Аджиба – ветеран высокогорных экспедиций: он участвовал в пяти экспедициях на Эверест, вынес со склонов Аннапурны Мориса Эрцога, получившего там тяжелые обморожения. Он был совсем рядом с высочайшими вершинами мира, но у него никогда не проявлялось тщеславия. Он видел, как в вечных снегах умирали «сагибы», видел смерть своих братьев шерпов, однако никогда не усомнился в том, что Гималаи именно та страна, где он должен жить и работать. Я прожил много недель совместно с Аджибой. Дважды я его видел с серым лицом умершего, окоченелой маской примирения с судьбой. Я никогда не забуду сине-серую кожу, цвет которой свидетельствует о том, что внутри смерть уже свершилась.
Когда мы пересекали Западный Непал, Аджиба почти истекал кровью от дизентерии. Мои медикаменты ему не помогали, жизнь уходила из него. С его бледного лица на меня смотрели задумчивые глаза, без тени упрека.

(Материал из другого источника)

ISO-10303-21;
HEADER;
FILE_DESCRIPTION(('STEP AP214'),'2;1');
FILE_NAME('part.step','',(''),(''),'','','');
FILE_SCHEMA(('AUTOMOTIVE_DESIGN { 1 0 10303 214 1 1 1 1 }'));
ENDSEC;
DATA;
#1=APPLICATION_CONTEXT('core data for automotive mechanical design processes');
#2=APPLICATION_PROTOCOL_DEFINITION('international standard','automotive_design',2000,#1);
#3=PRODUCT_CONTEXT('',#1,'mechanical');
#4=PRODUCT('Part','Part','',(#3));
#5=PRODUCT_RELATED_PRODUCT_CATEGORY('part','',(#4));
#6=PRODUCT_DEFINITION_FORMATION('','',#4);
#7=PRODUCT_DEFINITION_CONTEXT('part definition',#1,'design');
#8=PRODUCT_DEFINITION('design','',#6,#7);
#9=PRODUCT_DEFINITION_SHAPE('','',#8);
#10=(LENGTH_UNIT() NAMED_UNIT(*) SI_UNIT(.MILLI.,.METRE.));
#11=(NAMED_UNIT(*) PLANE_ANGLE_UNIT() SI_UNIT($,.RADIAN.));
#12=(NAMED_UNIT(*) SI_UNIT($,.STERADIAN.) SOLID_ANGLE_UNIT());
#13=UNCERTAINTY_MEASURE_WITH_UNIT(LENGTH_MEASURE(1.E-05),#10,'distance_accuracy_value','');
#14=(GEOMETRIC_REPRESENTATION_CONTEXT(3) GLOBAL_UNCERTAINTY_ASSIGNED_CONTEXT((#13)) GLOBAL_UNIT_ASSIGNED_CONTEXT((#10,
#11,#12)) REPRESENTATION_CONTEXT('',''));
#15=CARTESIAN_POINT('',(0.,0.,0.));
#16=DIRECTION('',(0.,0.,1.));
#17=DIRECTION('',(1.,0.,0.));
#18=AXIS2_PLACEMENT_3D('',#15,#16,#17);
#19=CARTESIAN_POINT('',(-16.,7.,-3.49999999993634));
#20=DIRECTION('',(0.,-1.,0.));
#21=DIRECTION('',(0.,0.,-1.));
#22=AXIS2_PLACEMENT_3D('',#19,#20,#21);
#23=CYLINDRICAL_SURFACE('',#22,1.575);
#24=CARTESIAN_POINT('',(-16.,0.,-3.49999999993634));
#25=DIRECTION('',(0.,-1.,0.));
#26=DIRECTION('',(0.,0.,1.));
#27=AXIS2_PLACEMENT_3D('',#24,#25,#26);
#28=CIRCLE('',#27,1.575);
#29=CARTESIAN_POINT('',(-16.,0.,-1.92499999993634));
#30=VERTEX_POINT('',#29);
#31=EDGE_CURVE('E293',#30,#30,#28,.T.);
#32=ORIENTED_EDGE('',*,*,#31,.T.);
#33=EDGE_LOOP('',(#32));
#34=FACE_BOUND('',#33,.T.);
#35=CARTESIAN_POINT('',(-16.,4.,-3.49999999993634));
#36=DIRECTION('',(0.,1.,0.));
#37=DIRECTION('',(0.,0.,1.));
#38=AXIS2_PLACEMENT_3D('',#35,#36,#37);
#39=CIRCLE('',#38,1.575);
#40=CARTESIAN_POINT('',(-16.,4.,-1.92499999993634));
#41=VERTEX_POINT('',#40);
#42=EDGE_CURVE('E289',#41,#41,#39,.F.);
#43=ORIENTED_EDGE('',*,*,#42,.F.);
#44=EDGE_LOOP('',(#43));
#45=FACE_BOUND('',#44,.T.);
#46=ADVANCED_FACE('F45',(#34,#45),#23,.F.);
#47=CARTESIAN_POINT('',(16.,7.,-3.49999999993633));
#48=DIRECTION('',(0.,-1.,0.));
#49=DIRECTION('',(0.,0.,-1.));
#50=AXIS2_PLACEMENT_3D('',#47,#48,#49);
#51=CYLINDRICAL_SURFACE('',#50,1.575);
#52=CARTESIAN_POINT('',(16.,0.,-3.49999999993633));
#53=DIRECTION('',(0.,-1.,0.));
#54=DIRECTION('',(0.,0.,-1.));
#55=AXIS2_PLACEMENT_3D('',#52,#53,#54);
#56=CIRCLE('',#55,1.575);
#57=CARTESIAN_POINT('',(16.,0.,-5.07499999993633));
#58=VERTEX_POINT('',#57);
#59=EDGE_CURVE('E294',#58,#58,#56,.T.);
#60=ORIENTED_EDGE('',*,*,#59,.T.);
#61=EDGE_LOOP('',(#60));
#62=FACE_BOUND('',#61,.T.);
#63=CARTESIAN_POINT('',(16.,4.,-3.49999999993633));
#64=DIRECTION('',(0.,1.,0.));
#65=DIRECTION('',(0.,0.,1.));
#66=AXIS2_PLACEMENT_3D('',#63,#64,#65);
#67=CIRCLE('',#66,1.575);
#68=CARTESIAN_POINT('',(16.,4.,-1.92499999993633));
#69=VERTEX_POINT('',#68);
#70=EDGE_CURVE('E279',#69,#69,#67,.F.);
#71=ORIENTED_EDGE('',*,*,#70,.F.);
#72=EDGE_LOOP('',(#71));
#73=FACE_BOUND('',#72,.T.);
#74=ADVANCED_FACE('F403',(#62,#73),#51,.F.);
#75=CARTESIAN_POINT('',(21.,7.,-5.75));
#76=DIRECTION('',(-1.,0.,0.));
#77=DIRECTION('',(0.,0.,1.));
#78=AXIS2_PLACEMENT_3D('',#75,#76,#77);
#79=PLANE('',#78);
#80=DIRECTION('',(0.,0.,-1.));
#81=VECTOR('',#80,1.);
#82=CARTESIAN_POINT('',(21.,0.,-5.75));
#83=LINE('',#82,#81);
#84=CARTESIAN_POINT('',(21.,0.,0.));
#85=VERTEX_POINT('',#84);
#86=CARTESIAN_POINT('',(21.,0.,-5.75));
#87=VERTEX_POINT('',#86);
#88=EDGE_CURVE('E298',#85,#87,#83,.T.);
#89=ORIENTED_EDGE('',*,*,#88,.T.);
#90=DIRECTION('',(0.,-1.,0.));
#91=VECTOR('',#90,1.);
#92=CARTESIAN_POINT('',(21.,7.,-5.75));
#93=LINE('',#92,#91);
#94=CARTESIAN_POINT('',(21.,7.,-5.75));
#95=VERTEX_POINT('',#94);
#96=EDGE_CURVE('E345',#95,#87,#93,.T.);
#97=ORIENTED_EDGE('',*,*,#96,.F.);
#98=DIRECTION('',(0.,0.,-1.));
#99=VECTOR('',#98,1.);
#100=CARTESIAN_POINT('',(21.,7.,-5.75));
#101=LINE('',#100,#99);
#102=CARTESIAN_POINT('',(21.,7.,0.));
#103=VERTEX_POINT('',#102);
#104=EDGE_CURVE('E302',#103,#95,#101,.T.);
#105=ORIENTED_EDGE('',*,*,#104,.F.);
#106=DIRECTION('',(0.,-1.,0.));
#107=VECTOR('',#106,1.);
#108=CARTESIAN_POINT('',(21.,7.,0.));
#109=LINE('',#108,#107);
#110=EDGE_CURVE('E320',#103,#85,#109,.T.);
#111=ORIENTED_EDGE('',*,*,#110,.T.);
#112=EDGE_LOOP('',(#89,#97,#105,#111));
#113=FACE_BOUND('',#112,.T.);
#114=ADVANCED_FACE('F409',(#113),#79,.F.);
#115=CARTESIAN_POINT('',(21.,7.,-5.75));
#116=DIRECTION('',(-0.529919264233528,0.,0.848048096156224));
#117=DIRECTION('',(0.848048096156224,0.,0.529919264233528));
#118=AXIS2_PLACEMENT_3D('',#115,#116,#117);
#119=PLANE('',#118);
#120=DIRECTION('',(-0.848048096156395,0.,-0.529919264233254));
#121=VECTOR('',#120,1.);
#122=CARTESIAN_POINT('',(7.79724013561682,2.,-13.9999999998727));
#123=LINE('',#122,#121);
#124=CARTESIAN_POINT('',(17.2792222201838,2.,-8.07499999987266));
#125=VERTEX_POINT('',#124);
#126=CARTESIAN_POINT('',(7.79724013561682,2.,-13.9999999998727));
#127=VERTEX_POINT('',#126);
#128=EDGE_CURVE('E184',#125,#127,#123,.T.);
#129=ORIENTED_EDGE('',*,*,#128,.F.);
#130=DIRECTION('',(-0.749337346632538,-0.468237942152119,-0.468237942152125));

Точно такими же глазами смотрел он на меня в лагере IV, когда на нас обрушился ураган, едва не стоивший нам жизни. И тогда я в них не прочел обвинения. Он мог бы бросить мне не один упрек, так как только по моему желанию он поднимался наверх, в этот ад разбушевавшейся стихии. В его же глазах я прочитал лишь воспоминания о хороших днях нашей дружбы.
И теперь, когда выполнена самая большая задача нашей экспедиции, я шел навстречу человеку, который дважды был готов умереть за меня и со мной.
Как мало я в сущности знал о мыслях и желаниях, волновавших Аджибу и других шерпов. Месяцами я путешествовал с ними, спал в одной палатке, ел из одной миски, но по какому пути шли их мысли? Какие желания определяли их жизнь? Мне было стыдно, что я так мало знаю о своих друзьях. Потом я стал утешать себя, что и в моей жизни были желания и тоска по чему-то новому. Эти желания появлялись неожиданно, как птицы другого мира, и пленяли меня. Я не был властен над ними: они вдруг возникали, их большие крылья затмевали ясное небо спокойной жизни и заставляли мои мысли и тело идти в новое странствие. Как же я мог думать, что смогу хорошо знать жизнь и стремления своих друзей, когда о себе самом я знаю очень мало!
Осталось еще двести метров до лагеря, уже находившегося в тени, и вершина станет только воспоминанием. Еще можно наслаждаться последними минутами радостного дня покорения вершины; бескрайним чарующим видом на вечерний Тибет, над которым солнце уже стелет свой багровый ковер; сверкающими высокими вершинами, все еще освещенными последними лучами заходящего солнца; большой, окружающей нас тишиной, сменившей ветер – нашего постоянного спутника этих памятных дней; сильным переутомлением моего тела, торопящегося в лагерь так, будто оно принадлежит не мне; мыслями, не признающими законов времени и пространства, открывающими далекий, до сих пор только желанный мир.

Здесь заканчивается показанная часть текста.